*** Block opens ***
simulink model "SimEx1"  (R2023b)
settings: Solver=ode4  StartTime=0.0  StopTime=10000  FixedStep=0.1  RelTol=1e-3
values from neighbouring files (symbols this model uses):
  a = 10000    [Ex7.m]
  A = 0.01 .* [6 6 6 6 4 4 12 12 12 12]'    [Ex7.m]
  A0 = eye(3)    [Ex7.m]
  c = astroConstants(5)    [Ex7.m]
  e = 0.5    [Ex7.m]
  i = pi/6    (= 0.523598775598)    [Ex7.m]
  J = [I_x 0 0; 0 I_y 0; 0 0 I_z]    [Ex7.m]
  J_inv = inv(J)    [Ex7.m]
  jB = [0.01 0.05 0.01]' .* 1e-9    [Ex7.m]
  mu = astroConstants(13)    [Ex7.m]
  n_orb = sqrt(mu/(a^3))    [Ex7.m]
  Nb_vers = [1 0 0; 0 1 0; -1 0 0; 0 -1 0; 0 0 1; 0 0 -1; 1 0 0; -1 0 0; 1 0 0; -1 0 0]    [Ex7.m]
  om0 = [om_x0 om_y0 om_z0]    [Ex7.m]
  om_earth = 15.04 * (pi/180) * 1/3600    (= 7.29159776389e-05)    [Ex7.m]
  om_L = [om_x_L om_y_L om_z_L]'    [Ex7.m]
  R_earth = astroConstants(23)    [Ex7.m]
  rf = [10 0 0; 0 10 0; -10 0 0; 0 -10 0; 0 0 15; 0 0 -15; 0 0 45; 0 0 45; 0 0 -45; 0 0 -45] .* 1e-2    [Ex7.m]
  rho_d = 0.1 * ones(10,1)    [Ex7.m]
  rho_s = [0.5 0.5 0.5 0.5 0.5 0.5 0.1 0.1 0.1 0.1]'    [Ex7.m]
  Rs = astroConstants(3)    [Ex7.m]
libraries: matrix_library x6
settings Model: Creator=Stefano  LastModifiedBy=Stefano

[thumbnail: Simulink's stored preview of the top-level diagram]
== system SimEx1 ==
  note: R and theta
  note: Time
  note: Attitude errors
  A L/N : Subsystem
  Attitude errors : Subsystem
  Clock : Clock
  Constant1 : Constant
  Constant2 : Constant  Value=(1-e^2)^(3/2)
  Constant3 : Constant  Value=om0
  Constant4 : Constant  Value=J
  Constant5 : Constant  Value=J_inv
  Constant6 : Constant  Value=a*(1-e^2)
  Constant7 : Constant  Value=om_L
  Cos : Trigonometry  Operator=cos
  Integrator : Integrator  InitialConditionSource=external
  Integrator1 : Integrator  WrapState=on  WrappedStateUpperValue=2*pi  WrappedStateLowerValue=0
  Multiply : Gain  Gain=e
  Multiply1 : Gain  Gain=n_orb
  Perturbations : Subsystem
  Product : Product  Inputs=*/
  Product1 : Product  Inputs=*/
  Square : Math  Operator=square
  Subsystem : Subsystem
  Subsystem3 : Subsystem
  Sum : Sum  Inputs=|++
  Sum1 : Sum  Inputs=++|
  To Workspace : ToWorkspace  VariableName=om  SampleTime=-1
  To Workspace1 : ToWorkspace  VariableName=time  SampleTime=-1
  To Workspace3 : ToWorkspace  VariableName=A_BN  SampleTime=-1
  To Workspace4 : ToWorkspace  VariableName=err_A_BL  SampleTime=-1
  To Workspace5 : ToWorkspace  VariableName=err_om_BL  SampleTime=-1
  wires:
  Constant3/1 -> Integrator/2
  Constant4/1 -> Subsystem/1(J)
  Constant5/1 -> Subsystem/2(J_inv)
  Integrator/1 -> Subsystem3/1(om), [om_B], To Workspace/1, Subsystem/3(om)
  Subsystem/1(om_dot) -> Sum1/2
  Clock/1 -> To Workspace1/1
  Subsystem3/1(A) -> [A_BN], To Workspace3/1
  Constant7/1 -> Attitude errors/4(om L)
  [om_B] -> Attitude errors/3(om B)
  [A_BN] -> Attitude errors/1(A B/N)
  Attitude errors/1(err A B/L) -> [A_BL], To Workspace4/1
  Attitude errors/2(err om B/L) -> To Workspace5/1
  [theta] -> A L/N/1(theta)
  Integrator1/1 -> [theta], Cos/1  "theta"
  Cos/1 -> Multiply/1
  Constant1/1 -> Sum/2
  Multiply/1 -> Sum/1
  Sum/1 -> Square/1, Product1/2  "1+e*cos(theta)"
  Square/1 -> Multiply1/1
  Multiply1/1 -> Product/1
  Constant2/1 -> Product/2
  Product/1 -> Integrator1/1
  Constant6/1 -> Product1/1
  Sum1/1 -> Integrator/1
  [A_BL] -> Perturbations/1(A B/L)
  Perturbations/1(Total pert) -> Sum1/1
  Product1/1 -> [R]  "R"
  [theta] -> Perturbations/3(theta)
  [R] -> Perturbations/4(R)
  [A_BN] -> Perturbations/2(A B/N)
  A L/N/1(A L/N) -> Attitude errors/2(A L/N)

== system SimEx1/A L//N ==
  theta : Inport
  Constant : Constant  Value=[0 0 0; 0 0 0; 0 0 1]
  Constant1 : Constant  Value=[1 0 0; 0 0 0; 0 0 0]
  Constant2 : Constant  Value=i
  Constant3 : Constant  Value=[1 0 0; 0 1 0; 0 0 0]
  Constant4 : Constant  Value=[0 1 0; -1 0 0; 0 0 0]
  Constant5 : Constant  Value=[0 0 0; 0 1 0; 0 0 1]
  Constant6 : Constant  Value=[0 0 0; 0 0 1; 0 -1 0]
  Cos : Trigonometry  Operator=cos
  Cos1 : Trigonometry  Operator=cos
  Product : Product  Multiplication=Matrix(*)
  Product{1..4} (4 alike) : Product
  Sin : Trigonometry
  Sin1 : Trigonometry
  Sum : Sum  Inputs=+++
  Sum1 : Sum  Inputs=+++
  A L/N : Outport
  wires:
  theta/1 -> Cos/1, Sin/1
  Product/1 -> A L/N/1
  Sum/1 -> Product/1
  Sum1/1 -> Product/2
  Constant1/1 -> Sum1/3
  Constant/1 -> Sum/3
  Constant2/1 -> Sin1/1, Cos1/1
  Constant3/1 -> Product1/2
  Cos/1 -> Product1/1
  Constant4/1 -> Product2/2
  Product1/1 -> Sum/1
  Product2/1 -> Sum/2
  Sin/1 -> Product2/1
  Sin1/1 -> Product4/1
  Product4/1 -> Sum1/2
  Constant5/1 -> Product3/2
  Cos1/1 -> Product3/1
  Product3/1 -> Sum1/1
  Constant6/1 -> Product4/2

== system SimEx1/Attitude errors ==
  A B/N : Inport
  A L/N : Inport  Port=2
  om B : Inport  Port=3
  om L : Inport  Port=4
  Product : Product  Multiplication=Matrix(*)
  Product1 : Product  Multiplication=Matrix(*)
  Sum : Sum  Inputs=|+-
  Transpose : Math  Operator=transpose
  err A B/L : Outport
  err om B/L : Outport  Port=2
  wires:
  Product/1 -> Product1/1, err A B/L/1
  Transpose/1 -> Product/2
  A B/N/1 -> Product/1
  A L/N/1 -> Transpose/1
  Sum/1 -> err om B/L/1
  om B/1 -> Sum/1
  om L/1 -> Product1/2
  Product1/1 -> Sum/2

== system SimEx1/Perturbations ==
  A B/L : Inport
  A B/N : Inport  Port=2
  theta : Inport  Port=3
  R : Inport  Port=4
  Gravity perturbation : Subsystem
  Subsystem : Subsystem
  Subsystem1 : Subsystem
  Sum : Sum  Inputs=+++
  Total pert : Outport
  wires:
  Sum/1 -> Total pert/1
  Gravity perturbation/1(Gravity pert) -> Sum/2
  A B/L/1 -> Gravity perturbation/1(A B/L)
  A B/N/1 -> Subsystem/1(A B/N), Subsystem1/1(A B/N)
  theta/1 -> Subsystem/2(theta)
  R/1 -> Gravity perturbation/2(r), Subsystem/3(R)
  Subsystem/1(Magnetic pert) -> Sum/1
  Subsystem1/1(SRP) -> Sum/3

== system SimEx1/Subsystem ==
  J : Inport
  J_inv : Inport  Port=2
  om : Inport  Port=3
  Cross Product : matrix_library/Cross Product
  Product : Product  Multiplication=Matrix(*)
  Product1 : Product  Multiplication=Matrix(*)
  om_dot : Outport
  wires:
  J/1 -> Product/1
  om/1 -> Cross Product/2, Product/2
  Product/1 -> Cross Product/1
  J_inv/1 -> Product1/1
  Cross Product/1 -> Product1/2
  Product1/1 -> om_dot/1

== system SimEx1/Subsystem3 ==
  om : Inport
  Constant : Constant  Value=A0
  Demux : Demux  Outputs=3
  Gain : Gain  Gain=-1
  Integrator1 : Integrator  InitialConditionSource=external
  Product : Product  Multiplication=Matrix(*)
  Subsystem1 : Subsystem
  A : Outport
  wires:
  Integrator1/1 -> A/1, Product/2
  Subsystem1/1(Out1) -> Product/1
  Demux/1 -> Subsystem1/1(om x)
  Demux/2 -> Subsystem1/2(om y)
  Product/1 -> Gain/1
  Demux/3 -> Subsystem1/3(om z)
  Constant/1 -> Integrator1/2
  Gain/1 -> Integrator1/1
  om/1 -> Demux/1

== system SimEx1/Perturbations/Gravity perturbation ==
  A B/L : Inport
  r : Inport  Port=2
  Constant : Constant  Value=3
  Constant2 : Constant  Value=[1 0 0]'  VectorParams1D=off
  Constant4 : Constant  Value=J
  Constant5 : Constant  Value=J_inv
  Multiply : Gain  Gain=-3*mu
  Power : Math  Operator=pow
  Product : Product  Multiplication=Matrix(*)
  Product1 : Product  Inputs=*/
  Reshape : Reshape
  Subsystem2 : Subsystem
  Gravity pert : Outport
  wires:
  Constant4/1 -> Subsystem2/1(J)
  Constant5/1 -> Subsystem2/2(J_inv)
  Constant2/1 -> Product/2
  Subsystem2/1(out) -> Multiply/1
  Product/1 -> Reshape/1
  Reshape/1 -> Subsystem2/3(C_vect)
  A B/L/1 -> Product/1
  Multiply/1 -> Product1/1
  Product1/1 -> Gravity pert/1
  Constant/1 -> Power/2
*** Block closes ***
● **Exercise requirements**
Retype the records above, but only those lines that fall between the line containing "Total pert : Outport" and the line containing "om/1 -> Demux/1", with both of those lines included, exactly as written.

● **Written response**
  Total pert : Outport
  wires:
  Sum/1 -> Total pert/1
  Gravity perturbation/1(Gravity pert) -> Sum/2
  A B/L/1 -> Gravity perturbation/1(A B/L)
  A B/N/1 -> Subsystem/1(A B/N), Subsystem1/1(A B/N)
  theta/1 -> Subsystem/2(theta)
  R/1 -> Gravity perturbation/2(r), Subsystem/3(R)
  Subsystem/1(Magnetic pert) -> Sum/1
  Subsystem1/1(SRP) -> Sum/3

== system SimEx1/Subsystem ==
  J : Inport
  J_inv : Inport  Port=2
  om : Inport  Port=3
  Cross Product : matrix_library/Cross Product
  Product : Product  Multiplication=Matrix(*)
  Product1 : Product  Multiplication=Matrix(*)
  om_dot : Outport
  wires:
  J/1 -> Product/1
  om/1 -> Cross Product/2, Product/2
  Product/1 -> Cross Product/1
  J_inv/1 -> Product1/1
  Cross Product/1 -> Product1/2
  Product1/1 -> om_dot/1

== system SimEx1/Subsystem3 ==
  om : Inport
  Constant : Constant  Value=A0
  Demux : Demux  Outputs=3
  Gain : Gain  Gain=-1
  Integrator1 : Integrator  InitialConditionSource=external
  Product : Product  Multiplication=Matrix(*)
  Subsystem1 : Subsystem
  A : Outport
  wires:
  Integrator1/1 -> A/1, Product/2
  Subsystem1/1(Out1) -> Product/1
  Demux/1 -> Subsystem1/1(om x)
  Demux/2 -> Subsystem1/2(om y)
  Product/1 -> Gain/1
  Demux/3 -> Subsystem1/3(om z)
  Constant/1 -> Integrator1/2
  Gain/1 -> Integrator1/1
  om/1 -> Demux/1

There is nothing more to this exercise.